2004-09-30 Thread Mark Wong
On Thu, Sep 30, 2004 at 07:02:32PM +1200, Guy Thornley wrote:
 Sorry about the belated reply, its been busy around here.
 
   Incidentally, postgres heap files suffer really, really bad fragmentation,
   which affects sequential scan operations (VACUUM, ANALYZE, REINDEX ...)
   quite drastically. We have in-house patches that somewhat alleiviate this,
   but they are not release quality. Has anybody else suffered this?
   
  
  Any chance I could give those patches a try?  I'm interested in seeing
  how they may affect our DBT-3 workload, which execute DSS type queries.
 
 Like I said, the patches are not release quality... if you run them on a
 metadata journalling filesystem, without an 'ordered write' mode, its
 possible to end up with corrupt heaps after a crash because of garbage data
 in the extended files.
 
 If/when we move to postgres 8 I'll try to ensure the patches get re-done
 with releasable quality
 
 Guy Thornley

That's ok, we like to help test and proof things, we don't need patches to be
release quality.

Mark

---(end of broadcast)---
TIP 2: you can get off all lists at once with the unregister command
(send unregister YourEmailAddressHere to [EMAIL PROTECTED])

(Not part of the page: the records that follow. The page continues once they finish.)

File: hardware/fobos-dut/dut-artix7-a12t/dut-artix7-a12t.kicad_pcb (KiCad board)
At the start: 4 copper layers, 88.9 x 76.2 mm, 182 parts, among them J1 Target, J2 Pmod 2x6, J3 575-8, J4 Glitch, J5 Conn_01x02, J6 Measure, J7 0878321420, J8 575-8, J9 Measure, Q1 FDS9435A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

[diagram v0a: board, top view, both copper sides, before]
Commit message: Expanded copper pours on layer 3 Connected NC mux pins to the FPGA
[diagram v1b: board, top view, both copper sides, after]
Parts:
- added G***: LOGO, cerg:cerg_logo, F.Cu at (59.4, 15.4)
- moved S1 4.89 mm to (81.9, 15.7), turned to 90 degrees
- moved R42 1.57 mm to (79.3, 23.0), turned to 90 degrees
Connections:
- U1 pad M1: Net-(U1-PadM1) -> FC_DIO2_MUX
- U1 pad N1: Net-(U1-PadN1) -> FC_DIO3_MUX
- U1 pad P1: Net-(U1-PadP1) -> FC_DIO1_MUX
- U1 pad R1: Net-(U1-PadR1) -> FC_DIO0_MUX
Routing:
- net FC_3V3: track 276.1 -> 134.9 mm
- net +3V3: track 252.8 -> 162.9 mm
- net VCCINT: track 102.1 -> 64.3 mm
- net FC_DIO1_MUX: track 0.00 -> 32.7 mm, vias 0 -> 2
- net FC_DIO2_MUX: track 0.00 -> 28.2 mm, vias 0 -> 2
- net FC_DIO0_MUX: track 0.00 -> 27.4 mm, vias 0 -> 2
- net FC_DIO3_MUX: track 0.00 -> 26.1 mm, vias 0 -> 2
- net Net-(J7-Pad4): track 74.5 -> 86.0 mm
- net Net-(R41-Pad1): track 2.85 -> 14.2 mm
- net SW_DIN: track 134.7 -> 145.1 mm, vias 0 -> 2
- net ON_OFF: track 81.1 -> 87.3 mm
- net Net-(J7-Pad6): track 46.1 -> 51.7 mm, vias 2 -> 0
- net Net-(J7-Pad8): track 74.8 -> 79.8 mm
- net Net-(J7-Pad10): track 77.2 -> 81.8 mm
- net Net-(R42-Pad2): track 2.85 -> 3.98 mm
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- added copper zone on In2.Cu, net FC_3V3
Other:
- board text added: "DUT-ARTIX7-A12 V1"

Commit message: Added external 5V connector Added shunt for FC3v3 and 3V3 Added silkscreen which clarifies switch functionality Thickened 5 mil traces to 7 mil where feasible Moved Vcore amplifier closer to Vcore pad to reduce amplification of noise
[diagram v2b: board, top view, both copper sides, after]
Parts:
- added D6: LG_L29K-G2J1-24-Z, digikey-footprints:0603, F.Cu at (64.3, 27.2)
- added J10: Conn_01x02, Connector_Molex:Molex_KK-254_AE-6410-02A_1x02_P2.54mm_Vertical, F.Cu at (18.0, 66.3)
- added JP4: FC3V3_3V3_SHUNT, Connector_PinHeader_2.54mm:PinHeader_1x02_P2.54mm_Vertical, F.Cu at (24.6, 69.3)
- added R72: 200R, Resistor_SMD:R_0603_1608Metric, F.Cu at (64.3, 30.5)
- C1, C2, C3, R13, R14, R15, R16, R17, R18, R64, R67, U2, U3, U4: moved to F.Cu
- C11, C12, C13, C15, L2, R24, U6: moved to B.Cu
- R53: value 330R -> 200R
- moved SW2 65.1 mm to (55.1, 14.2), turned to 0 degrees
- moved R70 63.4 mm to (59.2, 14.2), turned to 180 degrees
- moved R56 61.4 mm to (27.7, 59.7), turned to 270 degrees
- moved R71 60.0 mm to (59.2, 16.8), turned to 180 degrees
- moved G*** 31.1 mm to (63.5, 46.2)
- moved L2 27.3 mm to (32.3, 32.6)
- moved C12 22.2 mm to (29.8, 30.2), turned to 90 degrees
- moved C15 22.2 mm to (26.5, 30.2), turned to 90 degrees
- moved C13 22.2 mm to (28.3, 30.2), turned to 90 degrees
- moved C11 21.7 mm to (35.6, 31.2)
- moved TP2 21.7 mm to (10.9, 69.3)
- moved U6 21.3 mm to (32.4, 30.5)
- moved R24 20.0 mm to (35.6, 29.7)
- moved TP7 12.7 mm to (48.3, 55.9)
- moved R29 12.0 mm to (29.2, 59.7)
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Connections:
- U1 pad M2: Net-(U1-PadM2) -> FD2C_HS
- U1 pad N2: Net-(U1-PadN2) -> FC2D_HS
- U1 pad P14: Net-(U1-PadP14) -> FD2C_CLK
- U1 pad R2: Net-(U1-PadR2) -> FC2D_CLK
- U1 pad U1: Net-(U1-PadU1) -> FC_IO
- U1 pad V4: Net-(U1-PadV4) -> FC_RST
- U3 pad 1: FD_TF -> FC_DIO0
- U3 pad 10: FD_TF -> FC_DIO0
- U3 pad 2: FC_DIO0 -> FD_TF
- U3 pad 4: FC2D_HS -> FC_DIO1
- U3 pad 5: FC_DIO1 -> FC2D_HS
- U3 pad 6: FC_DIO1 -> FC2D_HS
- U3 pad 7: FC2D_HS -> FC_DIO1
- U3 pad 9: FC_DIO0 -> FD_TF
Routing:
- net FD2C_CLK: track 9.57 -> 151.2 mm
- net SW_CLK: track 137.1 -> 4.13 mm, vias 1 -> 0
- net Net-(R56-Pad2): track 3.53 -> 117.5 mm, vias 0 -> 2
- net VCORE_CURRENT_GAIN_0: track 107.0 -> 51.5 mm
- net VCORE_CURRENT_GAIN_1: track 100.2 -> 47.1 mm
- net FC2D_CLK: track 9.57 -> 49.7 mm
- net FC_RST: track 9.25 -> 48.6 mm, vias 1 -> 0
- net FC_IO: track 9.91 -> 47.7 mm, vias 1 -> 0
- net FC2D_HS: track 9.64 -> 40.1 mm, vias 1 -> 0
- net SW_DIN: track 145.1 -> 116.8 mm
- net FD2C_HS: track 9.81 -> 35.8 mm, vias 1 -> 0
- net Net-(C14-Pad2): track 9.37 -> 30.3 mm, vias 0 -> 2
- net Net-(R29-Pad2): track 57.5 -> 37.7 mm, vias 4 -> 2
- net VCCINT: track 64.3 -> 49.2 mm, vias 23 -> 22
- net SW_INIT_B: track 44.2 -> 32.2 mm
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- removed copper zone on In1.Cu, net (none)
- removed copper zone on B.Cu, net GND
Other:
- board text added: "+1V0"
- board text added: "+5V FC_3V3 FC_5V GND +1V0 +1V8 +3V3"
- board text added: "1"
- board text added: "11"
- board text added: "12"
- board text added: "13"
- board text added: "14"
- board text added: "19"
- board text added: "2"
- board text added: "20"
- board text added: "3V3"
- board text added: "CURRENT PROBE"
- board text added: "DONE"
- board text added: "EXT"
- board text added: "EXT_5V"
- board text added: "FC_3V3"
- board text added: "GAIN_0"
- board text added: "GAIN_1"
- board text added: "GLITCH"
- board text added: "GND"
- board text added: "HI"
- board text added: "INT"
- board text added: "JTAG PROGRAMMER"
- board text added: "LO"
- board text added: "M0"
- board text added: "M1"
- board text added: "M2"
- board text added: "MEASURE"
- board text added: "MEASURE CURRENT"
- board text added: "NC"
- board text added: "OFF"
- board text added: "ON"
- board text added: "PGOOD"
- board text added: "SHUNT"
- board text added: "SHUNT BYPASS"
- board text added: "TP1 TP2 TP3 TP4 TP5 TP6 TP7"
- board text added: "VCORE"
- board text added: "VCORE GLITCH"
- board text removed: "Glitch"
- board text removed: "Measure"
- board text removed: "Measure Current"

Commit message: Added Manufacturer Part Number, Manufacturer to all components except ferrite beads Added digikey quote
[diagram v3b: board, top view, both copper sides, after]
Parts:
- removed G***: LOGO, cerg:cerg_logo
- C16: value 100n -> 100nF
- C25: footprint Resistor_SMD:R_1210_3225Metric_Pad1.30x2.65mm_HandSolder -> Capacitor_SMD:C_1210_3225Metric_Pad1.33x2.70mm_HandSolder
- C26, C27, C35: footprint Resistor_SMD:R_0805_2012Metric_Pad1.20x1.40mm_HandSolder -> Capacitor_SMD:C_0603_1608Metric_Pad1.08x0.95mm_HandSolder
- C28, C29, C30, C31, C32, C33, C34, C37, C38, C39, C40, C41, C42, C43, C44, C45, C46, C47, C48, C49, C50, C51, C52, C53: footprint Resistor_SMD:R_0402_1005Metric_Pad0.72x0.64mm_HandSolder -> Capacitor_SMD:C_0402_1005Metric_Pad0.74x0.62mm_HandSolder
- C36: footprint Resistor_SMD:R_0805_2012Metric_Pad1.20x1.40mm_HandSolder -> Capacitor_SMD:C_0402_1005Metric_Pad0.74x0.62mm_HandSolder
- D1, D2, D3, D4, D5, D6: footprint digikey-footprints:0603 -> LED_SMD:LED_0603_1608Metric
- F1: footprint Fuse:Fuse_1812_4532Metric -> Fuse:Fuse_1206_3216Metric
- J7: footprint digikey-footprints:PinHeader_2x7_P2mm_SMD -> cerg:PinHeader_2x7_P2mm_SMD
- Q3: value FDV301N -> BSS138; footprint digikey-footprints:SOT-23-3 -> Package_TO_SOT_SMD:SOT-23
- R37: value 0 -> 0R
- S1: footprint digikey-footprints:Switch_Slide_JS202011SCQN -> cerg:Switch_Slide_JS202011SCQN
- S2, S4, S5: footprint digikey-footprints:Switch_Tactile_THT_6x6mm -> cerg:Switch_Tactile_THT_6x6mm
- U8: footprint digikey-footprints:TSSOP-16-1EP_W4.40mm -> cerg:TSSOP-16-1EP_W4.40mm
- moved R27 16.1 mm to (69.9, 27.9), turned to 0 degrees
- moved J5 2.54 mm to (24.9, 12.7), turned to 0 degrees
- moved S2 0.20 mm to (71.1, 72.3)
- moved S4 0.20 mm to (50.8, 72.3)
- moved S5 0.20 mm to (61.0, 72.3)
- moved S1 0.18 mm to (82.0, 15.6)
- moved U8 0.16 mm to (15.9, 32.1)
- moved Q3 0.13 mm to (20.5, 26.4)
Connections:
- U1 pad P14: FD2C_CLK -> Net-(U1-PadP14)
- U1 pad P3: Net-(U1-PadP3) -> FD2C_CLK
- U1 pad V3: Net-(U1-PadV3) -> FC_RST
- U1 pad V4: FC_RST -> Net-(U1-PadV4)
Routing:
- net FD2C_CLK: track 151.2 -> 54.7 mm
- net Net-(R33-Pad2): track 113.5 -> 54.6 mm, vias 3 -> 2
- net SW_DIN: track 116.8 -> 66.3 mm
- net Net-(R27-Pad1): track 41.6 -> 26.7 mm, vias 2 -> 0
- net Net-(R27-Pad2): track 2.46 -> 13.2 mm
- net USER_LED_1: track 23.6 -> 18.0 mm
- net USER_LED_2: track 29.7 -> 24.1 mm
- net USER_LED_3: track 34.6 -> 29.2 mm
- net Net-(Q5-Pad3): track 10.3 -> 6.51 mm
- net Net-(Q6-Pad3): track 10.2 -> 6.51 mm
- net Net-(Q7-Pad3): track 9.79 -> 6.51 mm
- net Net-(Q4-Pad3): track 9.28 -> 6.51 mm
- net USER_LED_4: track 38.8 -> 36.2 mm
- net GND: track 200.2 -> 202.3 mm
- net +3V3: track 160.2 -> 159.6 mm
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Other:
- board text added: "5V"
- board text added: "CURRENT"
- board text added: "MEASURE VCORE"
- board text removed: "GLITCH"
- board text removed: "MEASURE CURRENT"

Re: [PERFORM] O_DIRECT setting

2004-09-29 Thread Mark Wong
On Thu, Sep 23, 2004 at 10:57:41AM -0400, Tom Lane wrote:
 Bruce Momjian [EMAIL PROTECTED] writes:
  TODO has:
  * Consider use of open/fcntl(O_DIRECT) to minimize OS caching
  Should the item be removed?
 
 I think it's fine ;-) ... it says consider it, not do it.  The point
 is that we could do with more research in this area, even if O_DIRECT
 per se is not useful.  Maybe you could generalize the entry to
 investigate ways of fine-tuning OS caching behavior.
 
   regards, tom lane
 

I talked to Jan a little about this during OSCon since Linux filesystems
(ext2, ext3, etc) let you use O_DIRECT.  He felt the only place where
PostgreSQL may benefit from this now, without managing its own buffer first,
would be with the log writer.  I'm probably going to get this wrong, but
he thought it would be interesting to try an experiment by taking X number
of pages to be flushed, sort them (by age? where they go on disk?) and
write them out.  He thought this would be a relatively easy thing to try,
a day or two of work.  We'd really love to experiment with it.

Mark

---(end of broadcast)---
TIP 7: don't forget to increase your free space map settings


Re: [PERFORM] O_DIRECT setting

2004-09-29 Thread Tom Lane
Mark Wong [EMAIL PROTECTED] writes:
 I talked to Jan a little about this during OSCon since Linux filesystems
 (ext2, ext3, etc) let you use O_DIRECT.  He felt the only place where
 PostgreSQL may benefit from this now, without managing its own buffer first,
 would be with the log writer.  I'm probably going to get this wrong, but
 he thought it would be interesting to try an experiment by taking X number
 of pages to be flushed, sort them (by age? where they go on disk?) and
 write them out.

Hmm.  Most of the time the log writer has little choice about page write
order --- certainly if all your transactions are small it's not going to
have any choice.  I think this would mainly be equivalent to O_SYNC with
the extra feature of stopping the kernel from buffering the WAL data in
its own buffer cache.  Which is probably useful, but I doubt it's going
to make a huge difference.

regards, tom lane

---(end of broadcast)---
TIP 4: Don't 'kill -9' the postmaster


Re: [PERFORM] O_DIRECT setting

2004-09-24 Thread Mark Wong
On Mon, Sep 20, 2004 at 07:57:34PM +1200, Guy Thornley wrote:
[snip]
 
 Incidentally, postgres heap files suffer really, really bad fragmentation,
 which affects sequential scan operations (VACUUM, ANALYZE, REINDEX ...)
 quite drastically. We have in-house patches that somewhat alleiviate this,
 but they are not release quality. Has anybody else suffered this?
 

Any chance I could give those patches a try?  I'm interested in seeing
how they may affect our DBT-3 workload, which execute DSS type queries.

Thanks,
Mark

---(end of broadcast)---
TIP 2: you can get off all lists at once with the unregister command
(send unregister YourEmailAddressHere to [EMAIL PROTECTED])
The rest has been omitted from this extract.